On September 10, 2012 GoDaddy experienced a massive outage that left thousands of customers without their websites. There has been a lot of speculation as to how the problems were caused, but now the GoDaddy CIO has broken the company’s silence in a detailed 1,500 word blog post.
Chief Information Officer Auguste Goldman revealed that the problems were caused by a “perfect storm” of issues that came together to cause the network failures. The idea the company was hacked, which a member of Anonymous did claim had happened, was dismissed outright in the post.
The post outlined GoDaddy as a company receiving an average of 10 billion different DNS queries on a daily basis across 41 million different DNS zones. These DNS requests are pushed through the company’s anycast BGP routing system. It’s designed to reduce latency if any of the hardware collapses, but on that day the event pushed the routers beyond their normal limits.

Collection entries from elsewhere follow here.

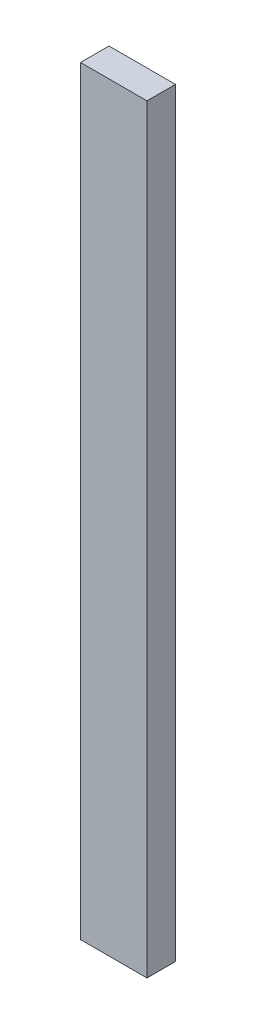
ISO-10303-21;
HEADER;
FILE_DESCRIPTION(('STEP AP214'),'2;1');
FILE_NAME('part.step','',(''),(''),'','','');
FILE_SCHEMA(('AUTOMOTIVE_DESIGN { 1 0 10303 214 1 1 1 1 }'));
ENDSEC;
DATA;
#1=APPLICATION_CONTEXT('core data for automotive mechanical design processes');
#2=APPLICATION_PROTOCOL_DEFINITION('international standard','automotive_design',2000,#1);
#3=PRODUCT_CONTEXT('',#1,'mechanical');
#4=PRODUCT('Part','Part','',(#3));
#5=PRODUCT_RELATED_PRODUCT_CATEGORY('part','',(#4));
#6=PRODUCT_DEFINITION_FORMATION('','',#4);
#7=PRODUCT_DEFINITION_CONTEXT('part definition',#1,'design');
#8=PRODUCT_DEFINITION('design','',#6,#7);
#9=PRODUCT_DEFINITION_SHAPE('','',#8);
#10=(LENGTH_UNIT() NAMED_UNIT(*) SI_UNIT(.MILLI.,.METRE.));
#11=(NAMED_UNIT(*) PLANE_ANGLE_UNIT() SI_UNIT($,.RADIAN.));
#12=(NAMED_UNIT(*) SI_UNIT($,.STERADIAN.) SOLID_ANGLE_UNIT());
#13=UNCERTAINTY_MEASURE_WITH_UNIT(LENGTH_MEASURE(1.E-05),#10,'distance_accuracy_value','');
#14=(GEOMETRIC_REPRESENTATION_CONTEXT(3) GLOBAL_UNCERTAINTY_ASSIGNED_CONTEXT((#13)) GLOBAL_UNIT_ASSIGNED_CONTEXT((#10,
#11,#12)) REPRESENTATION_CONTEXT('',''));
#15=CARTESIAN_POINT('',(0.,0.,0.));
#16=DIRECTION('',(0.,0.,1.));
#17=DIRECTION('',(1.,0.,0.));
#18=AXIS2_PLACEMENT_3D('',#15,#16,#17);
#19=CARTESIAN_POINT('',(16.8884935487463,80.,0.));
#20=DIRECTION('',(-1.,0.,0.));
#21=DIRECTION('',(0.,0.,1.));
#22=AXIS2_PLACEMENT_3D('',#19,#20,#21);
#23=PLANE('',#22);
#24=DIRECTION('',(0.,0.,-1.));
#25=VECTOR('',#24,1.);
#26=CARTESIAN_POINT('',(16.8884935487463,0.,0.));
#27=LINE('',#26,#25);
#28=CARTESIAN_POINT('',(16.8884935487463,0.,7.69853817650301));
#29=VERTEX_POINT('',#28);
#30=CARTESIAN_POINT('',(16.8884935487463,0.,4.69853817650301));
#31=VERTEX_POINT('',#30);
#32=EDGE_CURVE('E98',#29,#31,#27,.T.);
#33=ORIENTED_EDGE('',*,*,#32,.F.);
#34=DIRECTION('',(0.,-1.,0.));
#35=VECTOR('',#34,1.);
#36=CARTESIAN_POINT('',(16.8884935487463,80.,7.69853817650301));
#37=LINE('',#36,#35);
#38=CARTESIAN_POINT('',(16.8884935487463,80.,7.69853817650301));
#39=VERTEX_POINT('',#38);
#40=EDGE_CURVE('E11',#39,#29,#37,.T.);
#41=ORIENTED_EDGE('',*,*,#40,.F.);
#42=DIRECTION('',(0.,0.,-1.));
#43=VECTOR('',#42,1.);
#44=CARTESIAN_POINT('',(16.8884935487463,80.,0.));
#45=LINE('',#44,#43);
#46=CARTESIAN_POINT('',(16.8884935487463,80.,4.69853817650301));
#47=VERTEX_POINT('',#46);
#48=EDGE_CURVE('E92',#39,#47,#45,.T.);
#49=ORIENTED_EDGE('',*,*,#48,.T.);
#50=DIRECTION('',(0.,-1.,0.));
#51=VECTOR('',#50,1.);
#52=CARTESIAN_POINT('',(16.8884935487463,80.,4.69853817650301));
#53=LINE('',#52,#51);
#54=EDGE_CURVE('E73',#47,#31,#53,.T.);
#55=ORIENTED_EDGE('',*,*,#54,.T.);
#56=EDGE_LOOP('',(#33,#41,#49,#55));
#57=FACE_BOUND('',#56,.T.);
#58=ADVANCED_FACE('F35',(#57),#23,.T.);
#59=CARTESIAN_POINT('',(0.,80.,7.69853817650301));
#60=DIRECTION('',(0.,0.,1.));
#61=DIRECTION('',(1.,0.,0.));
#62=AXIS2_PLACEMENT_3D('',#59,#60,#61);
#63=PLANE('',#62);
#64=DIRECTION('',(-1.,0.,0.));
#65=VECTOR('',#64,1.);
#66=CARTESIAN_POINT('',(0.,0.,7.69853817650301));
#67=LINE('',#66,#65);
#68=CARTESIAN_POINT('',(23.8884935487463,0.,7.69853817650301));
#69=VERTEX_POINT('',#68);
#70=EDGE_CURVE('E86',#69,#29,#67,.T.);
#71=ORIENTED_EDGE('',*,*,#70,.F.);
#72=DIRECTION('',(0.,-1.,0.));
#73=VECTOR('',#72,1.);
#74=CARTESIAN_POINT('',(23.8884935487463,80.,7.69853817650301));
#75=LINE('',#74,#73);
#76=CARTESIAN_POINT('',(23.8884935487463,80.,7.69853817650301));
#77=VERTEX_POINT('',#76);
#78=EDGE_CURVE('E43',#77,#69,#75,.T.);
#79=ORIENTED_EDGE('',*,*,#78,.F.);
#80=DIRECTION('',(-1.,0.,0.));
#81=VECTOR('',#80,1.);
#82=CARTESIAN_POINT('',(0.,80.,7.69853817650301));
#83=LINE('',#82,#81);
#84=EDGE_CURVE('E84',#77,#39,#83,.T.);
#85=ORIENTED_EDGE('',*,*,#84,.T.);
#86=ORIENTED_EDGE('',*,*,#40,.T.);
#87=EDGE_LOOP('',(#71,#79,#85,#86));
#88=FACE_BOUND('',#87,.T.);
#89=ADVANCED_FACE('F82',(#88),#63,.T.);
#90=CARTESIAN_POINT('',(23.8884935487463,80.,0.));
#91=DIRECTION('',(-1.,0.,0.));
#92=DIRECTION('',(0.,0.,1.));
#93=AXIS2_PLACEMENT_3D('',#90,#91,#92);
#94=PLANE('',#93);
#95=DIRECTION('',(0.,0.,-1.));
#96=VECTOR('',#95,1.);
#97=CARTESIAN_POINT('',(23.8884935487463,0.,0.));
#98=LINE('',#97,#96);
#99=CARTESIAN_POINT('',(23.8884935487463,0.,4.69853817650301));
#100=VERTEX_POINT('',#99);
#101=EDGE_CURVE('E66',#69,#100,#98,.T.);
#102=ORIENTED_EDGE('',*,*,#101,.T.);
#103=DIRECTION('',(0.,-1.,0.));
#104=VECTOR('',#103,1.);
#105=CARTESIAN_POINT('',(23.8884935487463,80.,4.69853817650301));
#106=LINE('',#105,#104);
#107=CARTESIAN_POINT('',(23.8884935487463,80.,4.69853817650301));
#108=VERTEX_POINT('',#107);
#109=EDGE_CURVE('E87',#108,#100,#106,.T.);
#110=ORIENTED_EDGE('',*,*,#109,.F.);
#111=DIRECTION('',(0.,0.,-1.));
#112=VECTOR('',#111,1.);
#113=CARTESIAN_POINT('',(23.8884935487463,80.,0.));
#114=LINE('',#113,#112);
#115=EDGE_CURVE('E88',#77,#108,#114,.T.);
#116=ORIENTED_EDGE('',*,*,#115,.F.);
#117=ORIENTED_EDGE('',*,*,#78,.T.);
#118=EDGE_LOOP('',(#102,#110,#116,#117));
#119=FACE_BOUND('',#118,.T.);
#120=ADVANCED_FACE('F89',(#119),#94,.F.);
#121=CARTESIAN_POINT('',(0.,80.,4.69853817650301));
#122=DIRECTION('',(0.,0.,1.));
#123=DIRECTION('',(1.,0.,0.));
#124=AXIS2_PLACEMENT_3D('',#121,#122,#123);
#125=PLANE('',#124);
#126=DIRECTION('',(-1.,0.,0.));
#127=VECTOR('',#126,1.);
#128=CARTESIAN_POINT('',(0.,0.,4.69853817650301));
#129=LINE('',#128,#127);
#130=EDGE_CURVE('E94',#100,#31,#129,.T.);
#131=ORIENTED_EDGE('',*,*,#130,.T.);
#132=ORIENTED_EDGE('',*,*,#54,.F.);
#133=DIRECTION('',(-1.,0.,0.));
#134=VECTOR('',#133,1.);
#135=CARTESIAN_POINT('',(0.,80.,4.69853817650301));
#136=LINE('',#135,#134);
#137=EDGE_CURVE('E51',#108,#47,#136,.T.);
#138=ORIENTED_EDGE('',*,*,#137,.F.);
#139=ORIENTED_EDGE('',*,*,#109,.T.);
#140=EDGE_LOOP('',(#131,#132,#138,#139));
#141=FACE_BOUND('',#140,.T.);
#142=ADVANCED_FACE('F107',(#141),#125,.F.);
#143=CARTESIAN_POINT('',(0.,80.,0.));
#144=DIRECTION('',(0.,1.,0.));
#145=DIRECTION('',(0.,0.,1.));
#146=AXIS2_PLACEMENT_3D('',#143,#144,#145);
#147=PLANE('',#146);
#148=ORIENTED_EDGE('',*,*,#48,.F.);
#149=ORIENTED_EDGE('',*,*,#84,.F.);
#150=ORIENTED_EDGE('',*,*,#115,.T.);
#151=ORIENTED_EDGE('',*,*,#137,.T.);
#152=EDGE_LOOP('',(#148,#149,#150,#151));
#153=FACE_BOUND('',#152,.T.);
#154=ADVANCED_FACE('F91',(#153),#147,.T.);
#155=CARTESIAN_POINT('',(0.,0.,0.));
#156=DIRECTION('',(0.,1.,0.));
#157=DIRECTION('',(0.,0.,1.));
#158=AXIS2_PLACEMENT_3D('',#155,#156,#157);
#159=PLANE('',#158);
#160=ORIENTED_EDGE('',*,*,#32,.T.);
#161=ORIENTED_EDGE('',*,*,#130,.F.);
#162=ORIENTED_EDGE('',*,*,#101,.F.);
#163=ORIENTED_EDGE('',*,*,#70,.T.);
#164=EDGE_LOOP('',(#160,#161,#162,#163));
#165=FACE_BOUND('',#164,.T.);
#166=ADVANCED_FACE('F109',(#165),#159,.F.);
#167=CLOSED_SHELL('',(#58,#89,#120,#142,#154,#166));
#168=MANIFOLD_SOLID_BREP('B2',#167);
#169=ADVANCED_BREP_SHAPE_REPRESENTATION('',(#18,#168),#14);
#170=SHAPE_DEFINITION_REPRESENTATION(#9,#169);
ENDSEC;
END-ISO-10303-21;

Goldman simplified the problems by stating the three different factors contributing to the problems. These issues were Router hardware failure modes, Router memory exhaustion, and Containment. Within minutes, a chain reaction had been caused by the routing hardware failure, which led to massive outages all across the system.
GoDaddy restored its services through filtering the routing information and restoring the routing table, alongside a complete reboot of the routers struggling to cope. The main difficulty, according to Goldman, was to deal with the timed out DNS traffic still on the network.
Goldman stated the reasoning for revealing the problems by saying it was to fulfill its goal of providing transparency: “and detail the specific elements we have implemented to prevent another such occurrence.”
What remains to be seen is how these problems may impact the webhosting company’s image going forward.